Wondered into being by: Some of the people.
Wonderspan: about 5 minutes.
To experience this wonder at its best: For the films, make sure you can hear the sound and click 'full screen'.

How do you love your own society, in practice?  Last week we were sharing in the stories of soldiers and their families, who were struggling in their own ways with how to reconcile their wish to protect the life of their societies and the inhuman realities of war.  This week, we are still with people who feel some sense of social purpose, but one that could not be more different.  Today's wonder is about how people can make something magical out of an otherwise dull place using nothing but themselves and a bit of creativity

Pick one!

Supermarkets - why do they make them so ugly, boring, overlit, so so so SO the same, and spend so much money doing so?  Mystery.  Well, they need bombing!  That's where Dizraeli comes in, where 'to bomb' is graffitti slang meaning to use your art to reclaim a place for yourself/people.  It turns out that Tesco is a musical instrument waiting to be played:
Jim Power turns lampposts into mosaics in New York - simple, beautiful, for everyone:

The Situationists are an interesting bunch.  They noticed that the spaces we occupy tend to determine how we behave, which usually means how to conform.  They said, 'Hang on a minute, why are we letting our surroundings tell us how to behave?'  Society is a 'spectacle', they said - it's basically pushing a fake reality onto us.  By reading their 'situation' and trying 'forbidden' behaviours, they found a powerful new way of critiquing and challenging an oppressive status quo.  The following Situationist-inspired performance art will give you a flavour.  It's a radio ballet, which is an ensemble performance choreographed in real-time using invitations to perform certain actions broadcast through personal radio sets.  Usually, anyone can join in like a flashmob.  This one is in Leipzig organised by the Ligna group in 2008:
You might like to try something similar at lunch today.  You're walking down the street, perhaps, and just stop for a minute and look at the sky.  As the Ligna radio stream says, 'Lingering makes situations uncontrollable'.

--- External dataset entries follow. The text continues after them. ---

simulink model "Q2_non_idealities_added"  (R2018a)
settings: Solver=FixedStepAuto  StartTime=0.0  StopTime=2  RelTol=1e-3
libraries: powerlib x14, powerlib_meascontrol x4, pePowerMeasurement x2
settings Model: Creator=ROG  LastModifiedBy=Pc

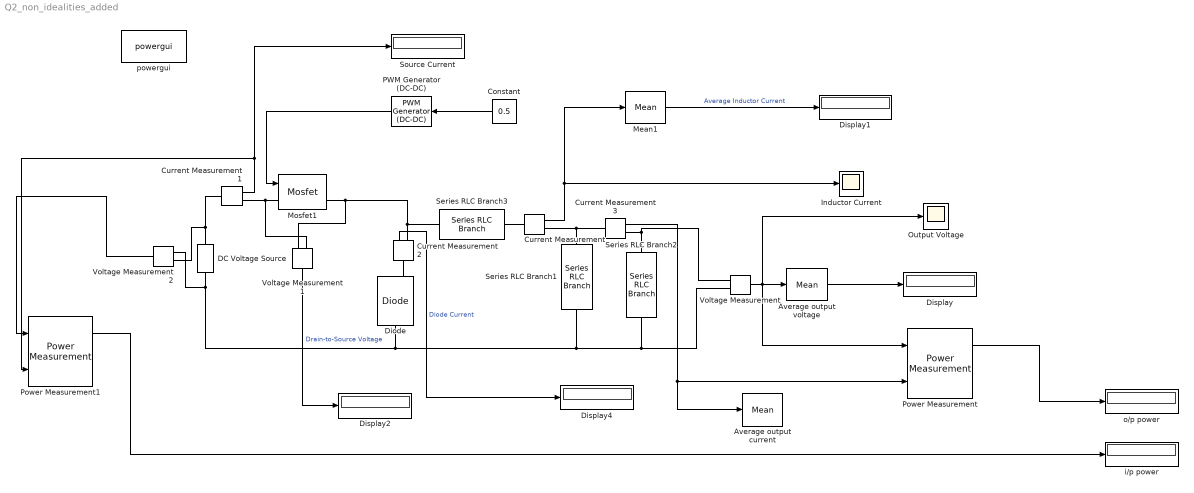
== system Q2_non_idealities_added ==
  "Average output current " : powerlib_meascontrol/Measurements/Mean  Freq=50  Vinit=0  Ts=0
  Average output voltage : powerlib_meascontrol/Measurements/Mean  Freq=50  Vinit=0  Ts=0
  Constant : Constant  Value=0.5
  Current Measurement{,1..3} (4 alike) : powerlib/Measurements/Current Measurement  PhasorSimulation=off  OutputType=Complex  PSBequivalent=0
  DC Voltage Source : powerlib/Electrical Sources/DC Voltage Source  Amplitude=56  Measurements=None
  Diode : powerlib/Power Electronics/Diode  Ron=0.001  Lon=0  Vf=0.8  IC=0  UseSnubber=0  Rs=500  Cs=250e-9  Measurements=on
  Display{,1..2,4} (4 alike) : Display
  Inductor Current : Scope
  Mean1 : powerlib_meascontrol/Measurements/Mean  Freq=50  Vinit=0  Ts=0
  Mosfet1 : powerlib/Power Electronics/Mosfet  Ron=0.022  Lon=0  Rd=0.01  Vfd=0.9  IC=0  Rs=1e5  Cs=inf  Measurements=on
  Output Voltage : Scope
  PWM Generator (DC-DC) : powerlib_meascontrol/Pulse & Signal Generators/PWM Generator (DC-DC)  Fsw=20000  Ts=0
  Power Measurement : pePowerMeasurement/Power Measurement  OverrideUsingVariant=Continuous  F=60  K=[0 1 2 3]  Ts=0
  Power Measurement1 : pePowerMeasurement/Power Measurement  OverrideUsingVariant=Continuous  F=60  K=[0 1 2 3]  Ts=0
  Series RLC Branch1 : powerlib/Elements/Series RLC Branch  LConnTagsString=__new0  RConnTagsString=__new0  BranchType=RC  Resistance=0.06  Inductance=1e-3  SetiL0=off  InitialCurrent=0  Capacitance=68e-5  Setx0=off  InitialVoltage=0  Measurements=None
  Series RLC Branch2 : powerlib/Elements/Series RLC Branch  LConnTagsString=__new0  RConnTagsString=__new0  BranchType=R  Resistance=4  Inductance=1e-3  SetiL0=off  InitialCurrent=0  Capacitance=1e-6  Setx0=off  InitialVoltage=0  Measurements=None
  Series RLC Branch3 : powerlib/Elements/Series RLC Branch  LConnTagsString=__new0  RConnTagsString=__new0  BranchType=RL  Resistance=0.064  Inductance=47e-05  SetiL0=off  InitialCurrent=0  Capacitance=1e-6  Setx0=off  InitialVoltage=0  Measurements=None
  Source Current : Display
  Voltage Measurement : powerlib/Measurements/Voltage Measurement  PhasorSimulation=off  OutputType=Complex  PSBequivalent=0
  Voltage Measurement1 : powerlib/Measurements/Voltage Measurement  PhasorSimulation=off  OutputType=Complex  PSBequivalent=0
  Voltage Measurement2 : powerlib/Measurements/Voltage Measurement  PhasorSimulation=off  OutputType=Complex  PSBequivalent=0
  i/p power : Display
  o/p power : Display
  powergui : powerlib/powergui  Priority=1  SimulationMode=Discrete  SampleTime=1e-6  frequency=60  Iterations=50  frequencyindice=0  Pbase=100e6  ErrMax=1e-4  UnitsV=kV  UnitsW=MW  buscounter=0  FunctionMessages=off  echomessages=off  EnableUseOfTLC=off  CurrentSourceSwitches=off  DisableSnubberDevices=off  DisableRonSwitches=off  DisableVfSwitches=off  DisplayEquations=off  SolverType=Tustin/Backward Euler (TBE)  Interpol=off  ExternalGateDelay=off  methode=off  Ts=100  x0status=blocks  SPID=off  SwTol=0  HookPort=off  RestoreLinks=warning  ResistiveCurrentMeasurement=off  Frange=[0:2:500]  Ylog=off  Xlog=on  ShowGrid=off  save=off  variable=ZData  structure=0  ZoomFFT=off  StartTime=0.0  cycles=1  DisplayStyle=1  fundamental=60  FreqAxis=off  MaxFrequency=1000  frequencyindicesteady=1  RmsSteady=1  display=off
  wires:
  Constant/1 -> PWM Generator (DC-DC)/1
  Voltage Measurement/1 -> Power Measurement/1, Output Voltage/1, Average output voltage/1
  Average output voltage/1 -> Display/1
  Current Measurement/1 -> Mean1/1, Inductor Current/1
  PWM Generator (DC-DC)/1 -> Mosfet1/1
  Mean1/1 -> Display1/1  "Average Inductor Current"
  Current Measurement1/1 -> Power Measurement1/2, Source Current/1
  Current Measurement2/1 -> Display4/1  "Diode Current"
  Voltage Measurement1/1 -> Display2/1  "Drain-to-Source Voltage"
  Current Measurement3/1 -> Power Measurement/2, "Average output current "/1
  Power Measurement/1 -> o/p power/1
  Voltage Measurement2/1 -> Power Measurement1/1
  Power Measurement1/1 -> i/p power/1
  connections:
  Series RLC Branch2/RConn1 -- Voltage Measurement/LConn2 -- Series RLC Branch1/RConn1 -- Diode/LConn1 -- Voltage Measurement2/LConn2 -- DC Voltage Source/LConn1
  Current Measurement/RConn1 -- Current Measurement3/LConn1 -- Series RLC Branch1/LConn1
  Mosfet1/RConn1 -- Voltage Measurement1/LConn2 -- Current Measurement2/RConn1 -- Series RLC Branch3/RConn1
  Current Measurement/LConn1 -- Series RLC Branch3/LConn1
  Mosfet1/LConn1 -- Voltage Measurement1/LConn1 -- Current Measurement1/RConn1
  Current Measurement1/LConn1 -- Voltage Measurement2/LConn1 -- DC Voltage Source/RConn1
  Current Measurement2/LConn1 -- Diode/RConn1
  Voltage Measurement/LConn1 -- Current Measurement3/RConn1 -- Series RLC Branch2/LConn1

Robert Montgomery says he 'works in a poetic and melancholic post-Situationist tradition'.  His main thing is taking billboards normally used for.... yaaaaawwwwnn... advertising and making them work for something more beautiful.  For example...
The Open Council is runs alongside the real Council in Newcastle promoting experimental policies for the city.  Among these are manhole dancing, public bonsai, orange charming and, my favourite, bin spreading, which is exactly that - spreading bins about.
This film of a huge elaborate flashmob in Moscow caught the eye of Akila, who suggested it for www.waysofloving.com - this is wild:
Hernando Guanlao turned his house into a library with no lending rules - if you want the book, keep it.  It's all free and people bring him so many books he's run out of room:
And here's - oh, look, it's me - outside the perfectly sterile 'Chimes' Shopping Centre in Uxbridge.  I don't know why it's called Chimes - it doesn't have anything as beautiful as a bell and it doesn't chime with anything (marketing men from London with Armani specs name all the provincial shopping centres, I guess).  Anyway, by laying a line of local conkers and beech nuts across the entrance I'm trying to manifest an ecological threshold in the same place as the shopping centre's threshold.  The police didn't like this at all but they let me carry on because it was a peaceful protest, although the shopping centre security staff... well, you could say they went bonkers about the conkers and paid scorn to the acorn(s), and can guess how they felt about the beech nuts.